Certification format change:
I wanted to take CCAH exam from last December, but I kept on postponing it. When I decided to take it by May, Cloudera replaced the CCAH multiple choice questions exam to CCA131 practical hands on exam format.
So I looked for resources, materials to prepare for the exam but there are none. Cloudera suggests that CCA131 follows the same objectives as Cloudera Administrator Training and the training course is an excellent part of preparation for the exam. But the training cost is $3195 (2 Lacs in Indian rupees),10x the price of certification and I wonder how Cloudera justifies that price.
After giving up looking for resources, I decided to prepare by topics given on the exam blueprint. We have a test cluster in our company, so I made use of it for preparation. Since I’m not allowed to destroy and rebuild it, I spun up instances in AWS, installed Cloudera, built a cluster from scratch and played with it for weeks.
Once I covered all the exam blueprint topics and felt confident, I gave it a shot and passed.
In the exam, you’ll be a given a fully built, operational, running Cluster with CDH 5.10.x running on Cent OS 7. Your user account credentials, cluster details, Cloudera Manager UI link and login credentials, everything will be mentioned in a page in the browser.
You’ll be given 8-12 problems of various scenarios and the problems can be solved in any order. For every problem, read the question scenario properly and understand what’s the output they’re expecting. You have to score 70% to pass the exam. There are no steps marks for the problem, so even if you do all required tasks for a problem but forgot to change a permission of a file, that will be marked incorrect.
Once you complete the exam, you’ll be getting the exam result in mail confirming whether you’re pass or fail, and the result of each problem.
Ex: Result: FAIL Problem 1 : PASS Problem 2 : FAIL (Wrong configuration) Problem 3 : FAIL (Incorrect Permissions)
Note: You may or may not allowed to use Cloudera documentation, Apache hadoop documentation in the exam browser which you’ll get to know during the exam.
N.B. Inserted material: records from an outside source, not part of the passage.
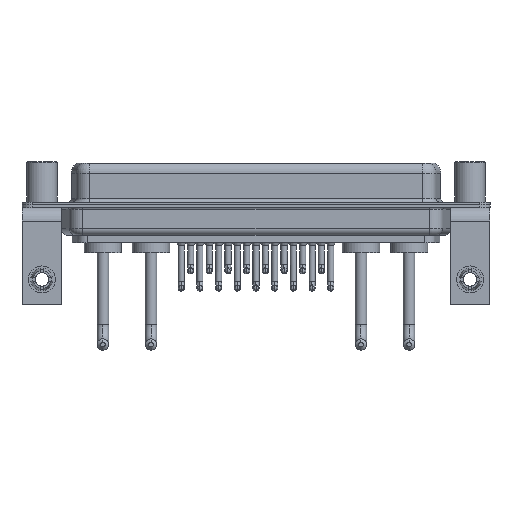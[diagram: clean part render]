
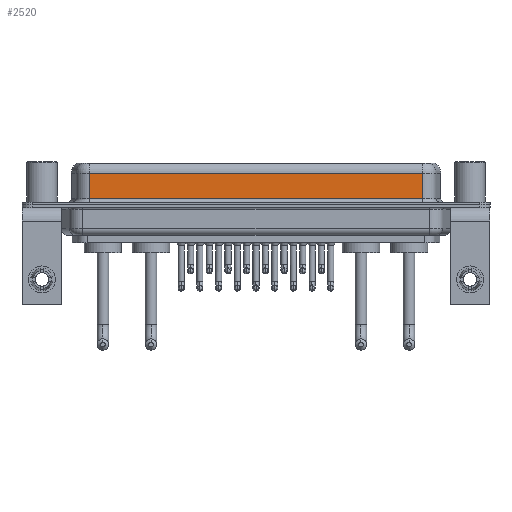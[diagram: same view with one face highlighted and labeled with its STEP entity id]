
A CAD part, front view. The second image highlights one B-rep face of the part: STEP entity #2520.
In plain terms, the highlighted planar face has unit normal (0, -1, 0).
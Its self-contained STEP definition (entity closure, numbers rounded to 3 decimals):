
#888 = LINE ( 'NONE', #8794, #14884 ) ;
#1622 = CARTESIAN_POINT ( 'NONE',  ( 56.462, -3.95, 0.9 ) ) ;
#1708 = CARTESIAN_POINT ( 'NONE',  ( 56.462, -3.95, 0.9 ) ) ;
#1728 = EDGE_LOOP ( 'NONE', ( #7212, #18322, #3427, #23810 ) ) ;
#1817 = CARTESIAN_POINT ( 'NONE',  ( 56.462, -3.95, 4.65 ) ) ;
#2034 = VECTOR ( 'NONE', #21234, 1000. ) ;
#2520 = ADVANCED_FACE ( 'NONE', ( #24771 ), #14967, .F. ) ;
#3222 = VERTEX_POINT ( 'NONE', #1817 ) ;
#3427 = ORIENTED_EDGE ( 'NONE', *, *, #3449, .T. ) ;
#3449 = EDGE_CURVE ( 'NONE', #14699, #19259, #888, .T. ) ;
#4166 = DIRECTION ( 'NONE',  ( 0., 0., -1. ) ) ;
#7212 = ORIENTED_EDGE ( 'NONE', *, *, #25000, .F. ) ;
#7213 = CARTESIAN_POINT ( 'NONE',  ( 56.462, -3.95, 6.4 ) ) ;
#7964 = VECTOR ( 'NONE', #19952, 1000. ) ;
#8794 = CARTESIAN_POINT ( 'NONE',  ( 7.038, -3.95, 6.4 ) ) ;
#12174 = VERTEX_POINT ( 'NONE', #1622 ) ;
#12499 = CARTESIAN_POINT ( 'NONE',  ( 56.462, -3.95, 6.4 ) ) ;
#12887 = DIRECTION ( 'NONE',  ( 0., 0., 1. ) ) ;
#12948 = CARTESIAN_POINT ( 'NONE',  ( 7.038, -3.95, 0.9 ) ) ;
#13598 = VECTOR ( 'NONE', #4166, 1000. ) ;
#13750 = EDGE_CURVE ( 'NONE', #19259, #12174, #21862, .T. ) ;
#14699 = VERTEX_POINT ( 'NONE', #24093 ) ;
#14884 = VECTOR ( 'NONE', #22861, 1000. ) ;
#14967 = PLANE ( 'NONE',  #24250 ) ;
#15090 = DIRECTION ( 'NONE',  ( 0., 1., 0. ) ) ;
#15300 = CARTESIAN_POINT ( 'NONE',  ( 56.462, -3.95, 4.65 ) ) ;
#17242 = LINE ( 'NONE', #15300, #2034 ) ;
#18322 = ORIENTED_EDGE ( 'NONE', *, *, #25271, .T. ) ;
#19259 = VERTEX_POINT ( 'NONE', #12948 ) ;
#19952 = DIRECTION ( 'NONE',  ( 1., 0., 0. ) ) ;
#21234 = DIRECTION ( 'NONE',  ( -1., 0., 0. ) ) ;
#21862 = LINE ( 'NONE', #1708, #7964 ) ;
#22861 = DIRECTION ( 'NONE',  ( 0., 0., -1. ) ) ;
#23810 = ORIENTED_EDGE ( 'NONE', *, *, #13750, .T. ) ;
#24093 = CARTESIAN_POINT ( 'NONE',  ( 7.038, -3.95, 4.65 ) ) ;
#24250 = AXIS2_PLACEMENT_3D ( 'NONE', #12499, #15090, #12887 ) ;
#24771 = FACE_OUTER_BOUND ( 'NONE', #1728, .T. ) ;
#25000 = EDGE_CURVE ( 'NONE', #3222, #12174, #25039, .T. ) ;
#25039 = LINE ( 'NONE', #7213, #13598 ) ;
#25271 = EDGE_CURVE ( 'NONE', #3222, #14699, #17242, .T. ) ;

I can’t confirm or comment on that.
How to prepare:
Four words – Get Your Hands Dirty!!
Without hands on practice, it’s very difficult to pass this exam.
If you’re new to Hadoop with no background on Linux, then first familiarize yourself with all the basic Linux commands. You should atleast know how to change the ownership, permissions of files, copy/move files, create/delete directory, start/stop system services, etc.
- If you have 8GB RAM laptop, install the Cloudera Quickstart VM and get started right away. Though You won’t be able to add new nodes or set up High Availability in the quickstart VM, you can practice rest of the exam topics.
- If you want to practice building a cluster, setup HA (which I feel you should really do), then you should have a laptop/desktop of RAM > 16 GB. Upgrade your RAM capacity and create Cent OS VMs of size 8GB, 4GB, 2GB and on top of it install Cloudera package.
- If you are worried that you don’t have enough RAM capacity/slots to upgrade in your laptop and no options of physical machines, then pass the worries to the Cloud and Cloud got your back.
Sign up for AWS – choose desired instance configuration, spin it up, BAM you’re set to go.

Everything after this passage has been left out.